::: Data shown
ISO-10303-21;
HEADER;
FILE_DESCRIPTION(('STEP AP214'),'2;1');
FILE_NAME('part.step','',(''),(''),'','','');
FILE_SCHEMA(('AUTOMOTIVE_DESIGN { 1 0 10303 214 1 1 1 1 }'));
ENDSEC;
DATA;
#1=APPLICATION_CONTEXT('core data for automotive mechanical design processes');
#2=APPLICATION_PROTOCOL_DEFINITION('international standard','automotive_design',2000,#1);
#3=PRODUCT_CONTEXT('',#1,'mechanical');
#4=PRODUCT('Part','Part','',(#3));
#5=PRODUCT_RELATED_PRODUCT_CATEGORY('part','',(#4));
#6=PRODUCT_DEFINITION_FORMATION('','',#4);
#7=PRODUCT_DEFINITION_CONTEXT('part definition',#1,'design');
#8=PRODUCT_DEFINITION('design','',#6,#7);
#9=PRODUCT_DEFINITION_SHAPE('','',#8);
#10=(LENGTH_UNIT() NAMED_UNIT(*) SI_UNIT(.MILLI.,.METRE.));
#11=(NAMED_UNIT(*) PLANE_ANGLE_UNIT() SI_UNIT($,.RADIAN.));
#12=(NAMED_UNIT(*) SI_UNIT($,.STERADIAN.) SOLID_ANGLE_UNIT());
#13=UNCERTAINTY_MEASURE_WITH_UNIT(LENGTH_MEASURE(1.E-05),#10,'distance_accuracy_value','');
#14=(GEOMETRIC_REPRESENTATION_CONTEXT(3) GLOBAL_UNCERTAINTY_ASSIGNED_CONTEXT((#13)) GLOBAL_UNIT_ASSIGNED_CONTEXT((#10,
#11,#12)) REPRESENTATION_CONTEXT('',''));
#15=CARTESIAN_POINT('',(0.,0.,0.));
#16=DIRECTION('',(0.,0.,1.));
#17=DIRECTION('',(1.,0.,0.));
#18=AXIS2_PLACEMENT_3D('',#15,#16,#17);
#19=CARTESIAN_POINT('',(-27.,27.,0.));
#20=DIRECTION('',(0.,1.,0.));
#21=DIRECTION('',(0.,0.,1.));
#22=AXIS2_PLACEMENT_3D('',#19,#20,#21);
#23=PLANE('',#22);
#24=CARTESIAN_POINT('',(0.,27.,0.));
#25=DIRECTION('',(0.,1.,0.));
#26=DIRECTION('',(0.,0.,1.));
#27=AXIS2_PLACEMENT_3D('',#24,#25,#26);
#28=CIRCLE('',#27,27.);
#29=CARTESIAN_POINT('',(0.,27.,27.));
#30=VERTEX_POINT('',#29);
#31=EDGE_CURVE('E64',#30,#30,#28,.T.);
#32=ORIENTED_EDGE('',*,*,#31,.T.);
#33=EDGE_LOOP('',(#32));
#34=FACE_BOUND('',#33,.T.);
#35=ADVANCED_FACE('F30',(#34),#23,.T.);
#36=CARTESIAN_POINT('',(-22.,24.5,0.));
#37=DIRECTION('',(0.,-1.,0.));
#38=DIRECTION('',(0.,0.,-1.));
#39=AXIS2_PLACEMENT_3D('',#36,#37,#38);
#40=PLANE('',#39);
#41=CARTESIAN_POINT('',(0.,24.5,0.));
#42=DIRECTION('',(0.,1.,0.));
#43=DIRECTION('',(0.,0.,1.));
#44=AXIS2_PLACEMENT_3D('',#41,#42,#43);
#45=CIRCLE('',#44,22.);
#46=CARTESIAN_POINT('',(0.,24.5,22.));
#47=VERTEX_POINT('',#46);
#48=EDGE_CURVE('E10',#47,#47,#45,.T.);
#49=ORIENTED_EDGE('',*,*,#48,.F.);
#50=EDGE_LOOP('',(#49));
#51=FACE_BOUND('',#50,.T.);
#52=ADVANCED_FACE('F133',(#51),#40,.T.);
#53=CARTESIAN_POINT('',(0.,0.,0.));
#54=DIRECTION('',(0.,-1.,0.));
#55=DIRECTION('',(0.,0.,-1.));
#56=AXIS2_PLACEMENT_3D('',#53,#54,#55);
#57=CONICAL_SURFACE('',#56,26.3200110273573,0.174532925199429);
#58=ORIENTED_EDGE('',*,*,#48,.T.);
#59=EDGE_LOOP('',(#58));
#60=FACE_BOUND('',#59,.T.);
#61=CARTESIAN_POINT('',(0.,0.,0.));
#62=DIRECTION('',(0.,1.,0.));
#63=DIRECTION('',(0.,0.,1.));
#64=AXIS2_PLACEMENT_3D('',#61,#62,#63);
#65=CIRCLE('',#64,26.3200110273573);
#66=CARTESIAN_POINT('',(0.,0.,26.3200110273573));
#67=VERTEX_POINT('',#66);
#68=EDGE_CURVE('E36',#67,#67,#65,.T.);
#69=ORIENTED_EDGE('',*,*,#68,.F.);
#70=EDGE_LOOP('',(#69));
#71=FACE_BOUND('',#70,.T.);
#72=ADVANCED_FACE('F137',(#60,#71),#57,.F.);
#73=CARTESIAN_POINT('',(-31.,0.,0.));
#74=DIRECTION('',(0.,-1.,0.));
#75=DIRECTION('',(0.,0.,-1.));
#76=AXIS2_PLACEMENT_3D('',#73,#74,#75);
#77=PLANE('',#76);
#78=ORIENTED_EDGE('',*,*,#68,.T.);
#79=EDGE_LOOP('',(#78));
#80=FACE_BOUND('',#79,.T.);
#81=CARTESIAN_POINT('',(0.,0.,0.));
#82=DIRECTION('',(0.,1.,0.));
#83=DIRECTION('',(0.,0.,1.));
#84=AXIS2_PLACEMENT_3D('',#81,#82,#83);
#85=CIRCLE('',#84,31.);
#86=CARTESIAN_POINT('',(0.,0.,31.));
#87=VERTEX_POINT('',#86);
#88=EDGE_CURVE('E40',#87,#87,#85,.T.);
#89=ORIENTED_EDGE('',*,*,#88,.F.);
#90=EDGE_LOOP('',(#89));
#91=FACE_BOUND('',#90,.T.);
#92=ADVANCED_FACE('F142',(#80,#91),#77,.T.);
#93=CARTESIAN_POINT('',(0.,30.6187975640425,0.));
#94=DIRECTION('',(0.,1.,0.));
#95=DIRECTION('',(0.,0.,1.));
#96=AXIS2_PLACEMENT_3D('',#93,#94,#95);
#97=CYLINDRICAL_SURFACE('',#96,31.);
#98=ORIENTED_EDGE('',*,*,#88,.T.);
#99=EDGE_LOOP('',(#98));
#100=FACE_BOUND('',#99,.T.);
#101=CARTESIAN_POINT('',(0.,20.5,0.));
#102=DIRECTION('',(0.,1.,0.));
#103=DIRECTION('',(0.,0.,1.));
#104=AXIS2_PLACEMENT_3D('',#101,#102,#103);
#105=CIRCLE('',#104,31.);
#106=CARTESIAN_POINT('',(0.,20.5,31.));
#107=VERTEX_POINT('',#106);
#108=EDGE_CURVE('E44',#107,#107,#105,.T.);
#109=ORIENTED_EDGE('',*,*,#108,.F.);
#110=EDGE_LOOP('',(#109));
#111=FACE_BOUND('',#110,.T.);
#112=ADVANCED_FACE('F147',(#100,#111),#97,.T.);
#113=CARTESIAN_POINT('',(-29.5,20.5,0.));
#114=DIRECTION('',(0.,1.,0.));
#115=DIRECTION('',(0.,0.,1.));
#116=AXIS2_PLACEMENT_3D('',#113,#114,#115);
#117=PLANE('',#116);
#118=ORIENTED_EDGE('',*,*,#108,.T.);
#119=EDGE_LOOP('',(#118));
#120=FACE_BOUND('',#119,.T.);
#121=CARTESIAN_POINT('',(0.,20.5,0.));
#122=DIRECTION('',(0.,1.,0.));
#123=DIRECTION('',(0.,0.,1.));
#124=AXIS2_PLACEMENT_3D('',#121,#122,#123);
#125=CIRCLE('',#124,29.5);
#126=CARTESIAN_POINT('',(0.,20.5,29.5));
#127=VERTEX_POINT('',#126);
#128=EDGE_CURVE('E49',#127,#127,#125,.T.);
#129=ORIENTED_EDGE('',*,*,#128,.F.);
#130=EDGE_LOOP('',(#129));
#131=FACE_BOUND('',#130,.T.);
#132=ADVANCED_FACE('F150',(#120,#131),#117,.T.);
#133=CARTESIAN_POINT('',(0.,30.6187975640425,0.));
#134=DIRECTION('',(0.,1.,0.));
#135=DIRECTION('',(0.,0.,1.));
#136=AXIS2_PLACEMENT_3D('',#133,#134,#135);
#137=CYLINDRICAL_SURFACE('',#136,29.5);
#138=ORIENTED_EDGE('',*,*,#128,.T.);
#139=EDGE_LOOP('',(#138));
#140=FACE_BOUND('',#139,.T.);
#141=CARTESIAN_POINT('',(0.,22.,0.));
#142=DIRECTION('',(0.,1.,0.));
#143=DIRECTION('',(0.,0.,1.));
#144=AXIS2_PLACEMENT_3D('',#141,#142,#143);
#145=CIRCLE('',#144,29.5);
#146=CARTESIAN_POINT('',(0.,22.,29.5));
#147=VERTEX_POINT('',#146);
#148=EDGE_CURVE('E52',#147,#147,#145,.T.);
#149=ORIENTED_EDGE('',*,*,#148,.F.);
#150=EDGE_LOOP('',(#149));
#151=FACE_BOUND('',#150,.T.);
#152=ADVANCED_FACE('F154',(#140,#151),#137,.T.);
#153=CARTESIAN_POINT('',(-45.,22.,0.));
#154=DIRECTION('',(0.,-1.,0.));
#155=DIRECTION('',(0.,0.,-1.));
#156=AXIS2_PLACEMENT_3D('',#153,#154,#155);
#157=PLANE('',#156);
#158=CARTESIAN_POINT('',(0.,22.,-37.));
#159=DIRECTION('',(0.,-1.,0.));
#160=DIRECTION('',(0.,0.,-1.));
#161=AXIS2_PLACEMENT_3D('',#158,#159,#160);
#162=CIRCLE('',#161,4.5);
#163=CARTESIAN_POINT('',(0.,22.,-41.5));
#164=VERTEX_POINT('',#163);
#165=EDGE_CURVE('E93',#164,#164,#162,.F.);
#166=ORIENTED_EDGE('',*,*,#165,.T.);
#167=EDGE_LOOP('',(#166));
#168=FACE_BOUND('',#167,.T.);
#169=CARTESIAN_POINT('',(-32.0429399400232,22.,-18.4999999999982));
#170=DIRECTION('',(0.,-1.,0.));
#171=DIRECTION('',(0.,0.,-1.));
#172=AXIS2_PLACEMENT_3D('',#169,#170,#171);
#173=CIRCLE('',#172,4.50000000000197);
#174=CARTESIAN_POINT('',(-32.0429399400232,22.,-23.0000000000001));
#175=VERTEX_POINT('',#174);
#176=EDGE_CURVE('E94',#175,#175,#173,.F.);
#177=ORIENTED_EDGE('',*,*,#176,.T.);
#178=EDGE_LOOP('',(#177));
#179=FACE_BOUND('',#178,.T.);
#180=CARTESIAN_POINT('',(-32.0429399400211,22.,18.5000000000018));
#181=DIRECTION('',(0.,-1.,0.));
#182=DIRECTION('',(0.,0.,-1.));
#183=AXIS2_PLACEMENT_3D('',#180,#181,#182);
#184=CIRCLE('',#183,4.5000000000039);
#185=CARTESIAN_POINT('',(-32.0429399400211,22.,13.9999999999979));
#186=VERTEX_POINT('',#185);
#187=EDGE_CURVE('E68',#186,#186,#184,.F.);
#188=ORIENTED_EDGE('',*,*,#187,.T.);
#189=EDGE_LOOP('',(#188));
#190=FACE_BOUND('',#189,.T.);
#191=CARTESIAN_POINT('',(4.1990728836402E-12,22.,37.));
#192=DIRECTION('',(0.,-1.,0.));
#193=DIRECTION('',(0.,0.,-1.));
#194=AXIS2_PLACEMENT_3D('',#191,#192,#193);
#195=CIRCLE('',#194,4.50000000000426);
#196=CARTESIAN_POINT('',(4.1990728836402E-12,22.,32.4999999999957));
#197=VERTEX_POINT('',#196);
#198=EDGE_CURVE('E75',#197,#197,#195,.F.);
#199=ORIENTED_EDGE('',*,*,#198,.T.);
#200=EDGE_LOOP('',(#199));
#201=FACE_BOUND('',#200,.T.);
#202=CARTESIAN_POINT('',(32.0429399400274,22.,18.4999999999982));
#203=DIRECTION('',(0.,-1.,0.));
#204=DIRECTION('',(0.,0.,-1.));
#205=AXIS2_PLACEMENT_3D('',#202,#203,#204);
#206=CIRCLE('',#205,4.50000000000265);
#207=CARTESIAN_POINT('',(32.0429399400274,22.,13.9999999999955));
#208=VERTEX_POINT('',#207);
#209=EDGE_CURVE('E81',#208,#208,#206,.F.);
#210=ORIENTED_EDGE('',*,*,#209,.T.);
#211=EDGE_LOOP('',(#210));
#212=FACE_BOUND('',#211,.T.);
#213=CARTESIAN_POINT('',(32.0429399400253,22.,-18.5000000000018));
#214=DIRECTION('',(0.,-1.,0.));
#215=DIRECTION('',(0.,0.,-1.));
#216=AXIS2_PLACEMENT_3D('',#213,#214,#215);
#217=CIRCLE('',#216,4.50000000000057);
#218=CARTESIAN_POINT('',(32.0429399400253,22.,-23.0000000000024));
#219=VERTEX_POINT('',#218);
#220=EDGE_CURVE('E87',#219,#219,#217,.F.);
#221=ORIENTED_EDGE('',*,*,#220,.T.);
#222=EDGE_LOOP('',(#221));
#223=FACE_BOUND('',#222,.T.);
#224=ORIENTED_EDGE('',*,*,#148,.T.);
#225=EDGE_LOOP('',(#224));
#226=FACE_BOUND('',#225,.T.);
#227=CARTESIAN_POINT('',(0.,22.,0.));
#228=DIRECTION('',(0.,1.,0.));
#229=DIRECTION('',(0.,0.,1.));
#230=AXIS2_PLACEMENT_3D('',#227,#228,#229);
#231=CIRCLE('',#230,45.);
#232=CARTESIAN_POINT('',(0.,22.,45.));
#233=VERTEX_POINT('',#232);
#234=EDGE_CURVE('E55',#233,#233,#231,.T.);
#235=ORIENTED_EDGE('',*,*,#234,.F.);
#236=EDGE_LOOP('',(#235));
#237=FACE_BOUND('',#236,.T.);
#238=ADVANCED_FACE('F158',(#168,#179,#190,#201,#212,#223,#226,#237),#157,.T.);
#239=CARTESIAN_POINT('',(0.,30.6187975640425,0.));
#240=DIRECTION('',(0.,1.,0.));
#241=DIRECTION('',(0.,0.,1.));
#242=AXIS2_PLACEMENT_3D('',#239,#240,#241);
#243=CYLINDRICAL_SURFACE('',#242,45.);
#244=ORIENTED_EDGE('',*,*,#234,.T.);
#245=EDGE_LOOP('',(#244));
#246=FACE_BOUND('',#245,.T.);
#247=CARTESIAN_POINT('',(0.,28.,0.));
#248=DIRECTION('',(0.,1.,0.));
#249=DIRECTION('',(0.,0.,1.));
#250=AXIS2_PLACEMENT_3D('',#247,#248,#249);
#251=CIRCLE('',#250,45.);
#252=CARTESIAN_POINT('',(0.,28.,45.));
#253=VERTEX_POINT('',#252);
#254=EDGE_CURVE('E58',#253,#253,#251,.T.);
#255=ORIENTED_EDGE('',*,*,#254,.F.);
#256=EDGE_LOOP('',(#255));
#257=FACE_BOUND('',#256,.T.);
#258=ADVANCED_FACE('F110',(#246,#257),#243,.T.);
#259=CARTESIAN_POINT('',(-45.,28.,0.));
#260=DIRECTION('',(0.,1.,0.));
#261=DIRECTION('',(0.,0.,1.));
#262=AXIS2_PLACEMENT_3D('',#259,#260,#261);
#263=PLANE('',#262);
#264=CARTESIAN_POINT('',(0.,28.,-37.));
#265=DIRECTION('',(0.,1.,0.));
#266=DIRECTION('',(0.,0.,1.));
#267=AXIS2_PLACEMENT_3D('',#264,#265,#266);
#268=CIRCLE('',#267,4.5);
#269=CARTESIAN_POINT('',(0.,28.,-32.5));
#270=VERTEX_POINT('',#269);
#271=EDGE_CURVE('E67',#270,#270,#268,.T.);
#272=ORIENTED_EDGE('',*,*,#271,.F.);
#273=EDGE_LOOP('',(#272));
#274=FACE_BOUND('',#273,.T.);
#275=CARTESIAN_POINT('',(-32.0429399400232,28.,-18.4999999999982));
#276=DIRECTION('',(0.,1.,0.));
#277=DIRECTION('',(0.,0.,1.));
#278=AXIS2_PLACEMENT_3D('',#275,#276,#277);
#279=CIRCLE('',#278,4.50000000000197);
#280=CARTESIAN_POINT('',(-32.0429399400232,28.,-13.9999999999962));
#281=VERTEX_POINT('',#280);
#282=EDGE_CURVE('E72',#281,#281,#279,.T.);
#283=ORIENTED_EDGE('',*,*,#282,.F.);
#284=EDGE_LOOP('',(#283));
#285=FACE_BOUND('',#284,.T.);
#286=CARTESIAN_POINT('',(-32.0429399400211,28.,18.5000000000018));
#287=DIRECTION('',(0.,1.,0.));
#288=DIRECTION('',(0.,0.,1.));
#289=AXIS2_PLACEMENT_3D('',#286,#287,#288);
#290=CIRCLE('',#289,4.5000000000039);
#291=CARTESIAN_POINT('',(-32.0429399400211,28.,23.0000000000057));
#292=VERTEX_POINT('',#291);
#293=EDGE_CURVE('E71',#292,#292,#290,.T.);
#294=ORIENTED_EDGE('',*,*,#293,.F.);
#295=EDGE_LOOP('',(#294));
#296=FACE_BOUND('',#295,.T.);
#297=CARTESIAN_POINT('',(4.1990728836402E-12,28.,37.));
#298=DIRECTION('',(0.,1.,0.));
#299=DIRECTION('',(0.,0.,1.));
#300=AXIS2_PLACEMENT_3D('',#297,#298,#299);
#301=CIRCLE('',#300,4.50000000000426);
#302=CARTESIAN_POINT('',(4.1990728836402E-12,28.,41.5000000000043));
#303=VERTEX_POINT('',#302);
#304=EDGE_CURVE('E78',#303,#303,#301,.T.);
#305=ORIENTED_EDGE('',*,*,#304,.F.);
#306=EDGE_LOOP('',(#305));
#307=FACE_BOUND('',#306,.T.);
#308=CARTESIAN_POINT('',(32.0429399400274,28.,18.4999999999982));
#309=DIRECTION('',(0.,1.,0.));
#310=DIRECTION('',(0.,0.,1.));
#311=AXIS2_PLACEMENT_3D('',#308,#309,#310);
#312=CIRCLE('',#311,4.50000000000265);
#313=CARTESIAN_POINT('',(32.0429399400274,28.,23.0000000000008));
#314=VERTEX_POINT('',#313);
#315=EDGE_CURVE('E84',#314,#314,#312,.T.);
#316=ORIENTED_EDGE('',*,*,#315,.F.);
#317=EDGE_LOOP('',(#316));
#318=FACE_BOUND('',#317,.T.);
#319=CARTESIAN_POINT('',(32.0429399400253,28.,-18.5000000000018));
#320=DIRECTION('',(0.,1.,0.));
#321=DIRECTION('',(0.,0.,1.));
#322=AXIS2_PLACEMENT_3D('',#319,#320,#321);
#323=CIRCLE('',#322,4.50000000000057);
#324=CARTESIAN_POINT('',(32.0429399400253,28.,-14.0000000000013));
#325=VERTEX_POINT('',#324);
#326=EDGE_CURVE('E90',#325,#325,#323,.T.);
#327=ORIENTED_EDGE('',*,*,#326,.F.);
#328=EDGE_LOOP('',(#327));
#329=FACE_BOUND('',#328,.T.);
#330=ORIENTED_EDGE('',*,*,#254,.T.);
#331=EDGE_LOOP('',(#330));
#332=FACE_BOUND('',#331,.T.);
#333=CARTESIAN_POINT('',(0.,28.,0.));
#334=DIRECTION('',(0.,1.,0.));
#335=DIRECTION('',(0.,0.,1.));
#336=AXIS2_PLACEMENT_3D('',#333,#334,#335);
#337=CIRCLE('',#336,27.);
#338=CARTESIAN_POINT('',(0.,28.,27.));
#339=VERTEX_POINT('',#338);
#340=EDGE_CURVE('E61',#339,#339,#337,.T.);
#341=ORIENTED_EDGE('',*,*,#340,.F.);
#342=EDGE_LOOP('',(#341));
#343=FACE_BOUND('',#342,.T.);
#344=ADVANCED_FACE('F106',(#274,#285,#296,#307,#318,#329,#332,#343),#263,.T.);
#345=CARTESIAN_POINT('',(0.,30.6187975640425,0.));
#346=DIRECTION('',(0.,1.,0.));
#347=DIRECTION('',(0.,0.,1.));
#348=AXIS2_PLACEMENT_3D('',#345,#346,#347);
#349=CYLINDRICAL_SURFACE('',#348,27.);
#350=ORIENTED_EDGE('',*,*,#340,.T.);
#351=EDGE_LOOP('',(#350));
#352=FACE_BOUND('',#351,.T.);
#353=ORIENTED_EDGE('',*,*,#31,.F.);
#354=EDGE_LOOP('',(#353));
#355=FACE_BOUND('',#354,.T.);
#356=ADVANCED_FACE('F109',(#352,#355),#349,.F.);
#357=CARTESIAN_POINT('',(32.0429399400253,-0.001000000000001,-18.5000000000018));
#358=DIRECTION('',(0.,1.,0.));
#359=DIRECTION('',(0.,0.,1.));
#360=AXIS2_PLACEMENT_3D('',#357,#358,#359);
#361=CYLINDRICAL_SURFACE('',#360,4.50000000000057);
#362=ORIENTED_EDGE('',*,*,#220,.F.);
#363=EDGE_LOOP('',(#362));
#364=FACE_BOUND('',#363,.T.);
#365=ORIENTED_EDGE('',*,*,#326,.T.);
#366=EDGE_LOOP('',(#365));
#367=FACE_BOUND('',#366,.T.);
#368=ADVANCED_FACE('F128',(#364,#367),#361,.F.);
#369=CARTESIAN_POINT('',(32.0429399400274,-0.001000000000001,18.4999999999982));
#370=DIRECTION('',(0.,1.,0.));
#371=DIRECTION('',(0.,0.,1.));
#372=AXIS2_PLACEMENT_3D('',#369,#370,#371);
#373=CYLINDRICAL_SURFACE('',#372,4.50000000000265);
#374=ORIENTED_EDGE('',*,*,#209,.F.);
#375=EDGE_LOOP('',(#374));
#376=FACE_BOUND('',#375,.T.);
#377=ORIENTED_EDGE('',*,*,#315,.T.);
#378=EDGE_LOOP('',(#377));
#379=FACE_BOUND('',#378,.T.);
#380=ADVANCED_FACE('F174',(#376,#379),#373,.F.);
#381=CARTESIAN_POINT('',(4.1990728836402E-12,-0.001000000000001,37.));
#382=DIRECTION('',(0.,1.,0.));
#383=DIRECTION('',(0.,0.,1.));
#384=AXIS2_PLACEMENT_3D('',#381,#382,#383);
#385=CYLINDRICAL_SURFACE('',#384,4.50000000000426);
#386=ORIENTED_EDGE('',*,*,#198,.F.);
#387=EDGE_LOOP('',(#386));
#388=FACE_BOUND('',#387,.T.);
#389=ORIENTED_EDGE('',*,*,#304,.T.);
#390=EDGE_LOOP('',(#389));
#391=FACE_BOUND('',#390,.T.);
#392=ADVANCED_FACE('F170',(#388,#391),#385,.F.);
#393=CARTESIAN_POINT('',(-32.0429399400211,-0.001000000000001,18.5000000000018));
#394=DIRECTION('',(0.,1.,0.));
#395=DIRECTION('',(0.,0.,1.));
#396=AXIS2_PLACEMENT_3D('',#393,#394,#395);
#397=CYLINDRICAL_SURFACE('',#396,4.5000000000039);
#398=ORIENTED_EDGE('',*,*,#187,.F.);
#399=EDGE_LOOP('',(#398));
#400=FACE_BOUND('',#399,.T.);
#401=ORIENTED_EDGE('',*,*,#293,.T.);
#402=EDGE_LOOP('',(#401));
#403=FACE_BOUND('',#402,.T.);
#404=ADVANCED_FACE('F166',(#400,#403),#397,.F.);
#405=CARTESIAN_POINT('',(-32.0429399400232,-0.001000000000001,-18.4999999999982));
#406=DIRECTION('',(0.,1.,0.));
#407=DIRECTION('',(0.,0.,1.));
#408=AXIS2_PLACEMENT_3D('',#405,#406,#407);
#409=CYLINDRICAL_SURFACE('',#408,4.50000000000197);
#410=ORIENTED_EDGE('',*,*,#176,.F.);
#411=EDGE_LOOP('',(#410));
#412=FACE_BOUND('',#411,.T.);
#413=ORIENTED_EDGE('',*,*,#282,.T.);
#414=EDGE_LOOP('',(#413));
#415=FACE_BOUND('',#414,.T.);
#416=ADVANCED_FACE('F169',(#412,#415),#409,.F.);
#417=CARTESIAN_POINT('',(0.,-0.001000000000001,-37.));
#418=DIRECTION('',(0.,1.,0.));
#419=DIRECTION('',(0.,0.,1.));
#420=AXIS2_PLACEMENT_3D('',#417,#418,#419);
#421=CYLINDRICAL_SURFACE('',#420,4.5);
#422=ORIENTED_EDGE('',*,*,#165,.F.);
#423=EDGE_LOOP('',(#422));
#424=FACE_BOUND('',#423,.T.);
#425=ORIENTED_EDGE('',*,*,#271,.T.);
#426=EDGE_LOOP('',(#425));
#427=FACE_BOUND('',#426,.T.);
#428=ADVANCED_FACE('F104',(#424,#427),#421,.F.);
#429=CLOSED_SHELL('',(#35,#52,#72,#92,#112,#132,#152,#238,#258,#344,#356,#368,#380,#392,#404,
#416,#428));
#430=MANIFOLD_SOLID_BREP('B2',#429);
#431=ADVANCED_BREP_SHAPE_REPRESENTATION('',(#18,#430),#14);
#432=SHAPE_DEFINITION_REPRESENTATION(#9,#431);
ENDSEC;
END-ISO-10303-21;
::::::
Try it — Beginning with the line above that contains "#47=VERTEX_POINT('',#46);", copy each line exactly up to and including the line that contains "#69=ORIENTED_EDGE('',*,*,#68,.F.);", and go no further.

Written solution —
#47=VERTEX_POINT('',#46);
#48=EDGE_CURVE('E10',#47,#47,#45,.T.);
#49=ORIENTED_EDGE('',*,*,#48,.F.);
#50=EDGE_LOOP('',(#49));
#51=FACE_BOUND('',#50,.T.);
#52=ADVANCED_FACE('F133',(#51),#40,.T.);
#53=CARTESIAN_POINT('',(0.,0.,0.));
#54=DIRECTION('',(0.,-1.,0.));
#55=DIRECTION('',(0.,0.,-1.));
#56=AXIS2_PLACEMENT_3D('',#53,#54,#55);
#57=CONICAL_SURFACE('',#56,26.3200110273573,0.174532925199429);
#58=ORIENTED_EDGE('',*,*,#48,.T.);
#59=EDGE_LOOP('',(#58));
#60=FACE_BOUND('',#59,.T.);
#61=CARTESIAN_POINT('',(0.,0.,0.));
#62=DIRECTION('',(0.,1.,0.));
#63=DIRECTION('',(0.,0.,1.));
#64=AXIS2_PLACEMENT_3D('',#61,#62,#63);
#65=CIRCLE('',#64,26.3200110273573);
#66=CARTESIAN_POINT('',(0.,0.,26.3200110273573));
#67=VERTEX_POINT('',#66);
#68=EDGE_CURVE('E36',#67,#67,#65,.T.);
#69=ORIENTED_EDGE('',*,*,#68,.F.);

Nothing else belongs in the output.